[[ RECORDS FOR THE TASK, beginning ]]

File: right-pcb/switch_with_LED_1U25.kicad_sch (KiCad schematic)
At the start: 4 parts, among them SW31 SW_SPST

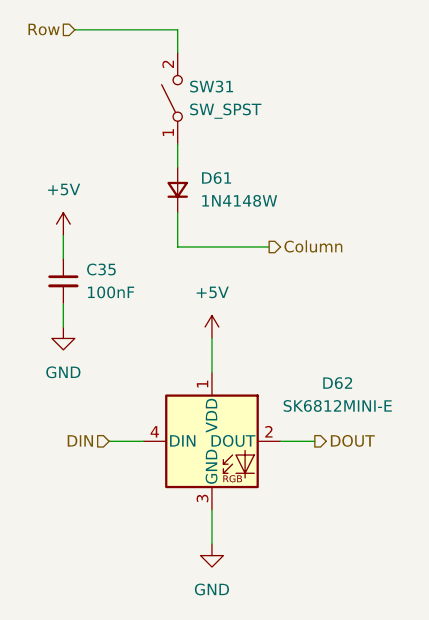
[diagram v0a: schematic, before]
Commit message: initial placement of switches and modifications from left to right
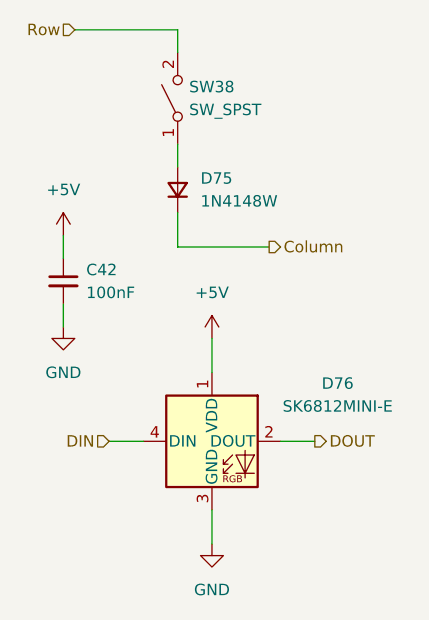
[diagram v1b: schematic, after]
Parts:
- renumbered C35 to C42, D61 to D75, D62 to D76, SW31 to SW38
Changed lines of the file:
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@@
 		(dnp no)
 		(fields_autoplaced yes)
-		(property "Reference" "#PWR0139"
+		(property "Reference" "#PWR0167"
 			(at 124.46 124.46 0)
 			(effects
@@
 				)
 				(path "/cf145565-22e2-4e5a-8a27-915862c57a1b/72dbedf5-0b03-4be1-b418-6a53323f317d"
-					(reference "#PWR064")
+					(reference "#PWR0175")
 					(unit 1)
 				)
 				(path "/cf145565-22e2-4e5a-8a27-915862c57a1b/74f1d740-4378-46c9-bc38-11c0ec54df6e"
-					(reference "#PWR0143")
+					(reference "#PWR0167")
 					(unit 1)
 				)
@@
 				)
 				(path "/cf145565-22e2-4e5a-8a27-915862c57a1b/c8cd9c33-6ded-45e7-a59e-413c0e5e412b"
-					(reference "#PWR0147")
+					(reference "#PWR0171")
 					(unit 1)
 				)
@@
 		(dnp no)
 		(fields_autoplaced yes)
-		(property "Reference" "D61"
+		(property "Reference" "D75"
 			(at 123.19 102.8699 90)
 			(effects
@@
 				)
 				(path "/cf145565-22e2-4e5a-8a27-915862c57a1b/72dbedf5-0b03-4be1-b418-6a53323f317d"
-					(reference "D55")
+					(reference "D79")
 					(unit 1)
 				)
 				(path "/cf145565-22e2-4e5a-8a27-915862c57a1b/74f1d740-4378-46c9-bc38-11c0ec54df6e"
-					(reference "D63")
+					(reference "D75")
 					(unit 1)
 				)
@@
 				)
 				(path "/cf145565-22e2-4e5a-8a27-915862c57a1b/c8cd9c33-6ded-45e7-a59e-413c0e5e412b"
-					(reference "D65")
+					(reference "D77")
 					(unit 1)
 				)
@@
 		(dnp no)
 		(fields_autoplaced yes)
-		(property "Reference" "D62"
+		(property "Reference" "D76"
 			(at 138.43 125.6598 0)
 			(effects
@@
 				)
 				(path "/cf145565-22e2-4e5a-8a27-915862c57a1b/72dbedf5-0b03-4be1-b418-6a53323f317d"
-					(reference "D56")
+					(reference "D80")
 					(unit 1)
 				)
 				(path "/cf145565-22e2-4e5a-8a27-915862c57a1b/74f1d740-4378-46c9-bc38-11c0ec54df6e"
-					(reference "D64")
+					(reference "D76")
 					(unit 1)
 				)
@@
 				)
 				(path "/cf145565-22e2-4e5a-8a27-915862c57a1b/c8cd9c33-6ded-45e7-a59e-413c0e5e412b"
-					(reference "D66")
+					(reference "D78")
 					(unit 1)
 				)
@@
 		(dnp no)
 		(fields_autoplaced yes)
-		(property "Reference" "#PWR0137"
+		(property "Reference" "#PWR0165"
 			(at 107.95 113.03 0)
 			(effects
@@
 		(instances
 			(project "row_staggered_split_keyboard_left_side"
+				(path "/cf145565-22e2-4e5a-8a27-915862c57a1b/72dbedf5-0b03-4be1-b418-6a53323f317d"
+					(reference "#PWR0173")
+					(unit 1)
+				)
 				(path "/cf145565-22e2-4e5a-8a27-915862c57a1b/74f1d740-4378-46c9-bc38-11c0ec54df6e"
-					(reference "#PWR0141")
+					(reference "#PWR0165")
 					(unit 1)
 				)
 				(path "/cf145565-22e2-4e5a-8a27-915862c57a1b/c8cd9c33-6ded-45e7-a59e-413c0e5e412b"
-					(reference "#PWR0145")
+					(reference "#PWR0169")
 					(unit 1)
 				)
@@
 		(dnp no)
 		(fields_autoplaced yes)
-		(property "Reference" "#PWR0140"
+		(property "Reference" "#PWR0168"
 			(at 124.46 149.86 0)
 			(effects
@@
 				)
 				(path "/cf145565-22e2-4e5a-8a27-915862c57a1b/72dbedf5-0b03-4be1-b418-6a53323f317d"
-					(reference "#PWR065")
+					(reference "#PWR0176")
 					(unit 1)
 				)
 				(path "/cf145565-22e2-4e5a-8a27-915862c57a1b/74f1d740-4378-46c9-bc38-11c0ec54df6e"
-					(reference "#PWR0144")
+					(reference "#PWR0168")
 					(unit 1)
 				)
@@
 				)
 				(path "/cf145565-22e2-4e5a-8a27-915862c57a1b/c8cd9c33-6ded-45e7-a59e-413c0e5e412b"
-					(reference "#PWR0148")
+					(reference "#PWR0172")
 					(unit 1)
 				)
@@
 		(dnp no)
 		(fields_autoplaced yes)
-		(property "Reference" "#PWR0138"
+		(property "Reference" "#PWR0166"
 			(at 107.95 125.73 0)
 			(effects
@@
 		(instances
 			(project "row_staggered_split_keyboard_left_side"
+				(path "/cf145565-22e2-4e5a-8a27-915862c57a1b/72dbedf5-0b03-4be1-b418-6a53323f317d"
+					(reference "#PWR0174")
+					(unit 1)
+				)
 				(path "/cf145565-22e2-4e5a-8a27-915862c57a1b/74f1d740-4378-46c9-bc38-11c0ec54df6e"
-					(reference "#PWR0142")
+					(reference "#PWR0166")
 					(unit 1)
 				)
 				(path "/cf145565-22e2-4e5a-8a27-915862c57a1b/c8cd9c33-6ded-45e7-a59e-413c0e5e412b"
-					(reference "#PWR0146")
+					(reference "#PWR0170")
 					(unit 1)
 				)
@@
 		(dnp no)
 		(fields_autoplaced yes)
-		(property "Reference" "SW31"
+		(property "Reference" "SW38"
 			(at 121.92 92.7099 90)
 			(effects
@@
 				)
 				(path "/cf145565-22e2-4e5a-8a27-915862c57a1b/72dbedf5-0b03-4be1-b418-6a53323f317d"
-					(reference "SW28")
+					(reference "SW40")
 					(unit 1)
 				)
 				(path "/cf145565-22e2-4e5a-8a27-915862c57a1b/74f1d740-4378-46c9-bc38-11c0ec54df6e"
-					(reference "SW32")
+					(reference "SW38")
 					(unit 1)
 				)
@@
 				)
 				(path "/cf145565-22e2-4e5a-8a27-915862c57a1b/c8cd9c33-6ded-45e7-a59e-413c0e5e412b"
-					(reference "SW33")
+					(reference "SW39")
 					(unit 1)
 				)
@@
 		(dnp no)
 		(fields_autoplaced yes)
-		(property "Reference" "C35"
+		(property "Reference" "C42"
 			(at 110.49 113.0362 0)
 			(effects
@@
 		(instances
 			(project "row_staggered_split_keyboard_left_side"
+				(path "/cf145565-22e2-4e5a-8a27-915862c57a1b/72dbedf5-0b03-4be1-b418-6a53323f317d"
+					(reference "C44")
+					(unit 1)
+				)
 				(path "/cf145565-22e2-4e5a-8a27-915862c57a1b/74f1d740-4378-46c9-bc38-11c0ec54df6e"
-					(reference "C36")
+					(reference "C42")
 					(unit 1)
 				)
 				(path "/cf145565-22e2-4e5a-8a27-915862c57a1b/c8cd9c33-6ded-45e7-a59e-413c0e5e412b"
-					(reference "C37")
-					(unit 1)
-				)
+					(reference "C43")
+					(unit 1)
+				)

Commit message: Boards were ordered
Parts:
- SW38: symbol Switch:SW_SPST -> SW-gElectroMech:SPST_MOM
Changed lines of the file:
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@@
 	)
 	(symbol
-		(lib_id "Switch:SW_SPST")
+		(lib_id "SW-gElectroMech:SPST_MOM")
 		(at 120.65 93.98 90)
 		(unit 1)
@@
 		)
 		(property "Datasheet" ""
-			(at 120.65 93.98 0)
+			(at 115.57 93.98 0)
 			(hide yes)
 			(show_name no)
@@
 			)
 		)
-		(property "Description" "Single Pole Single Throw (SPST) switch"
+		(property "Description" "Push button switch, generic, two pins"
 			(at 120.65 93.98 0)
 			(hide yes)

[[ RECORDS FOR THE TASK, end ]]

- WHAT THE EXERCISE ASKS -
Isolate the lines above that contain the word "right" and copy them.

- SOLUTION TO THIS TASK -
File: right-pcb/switch_with_LED_1U25.kicad_sch (KiCad schematic)
Commit message: initial placement of switches and modifications from left to right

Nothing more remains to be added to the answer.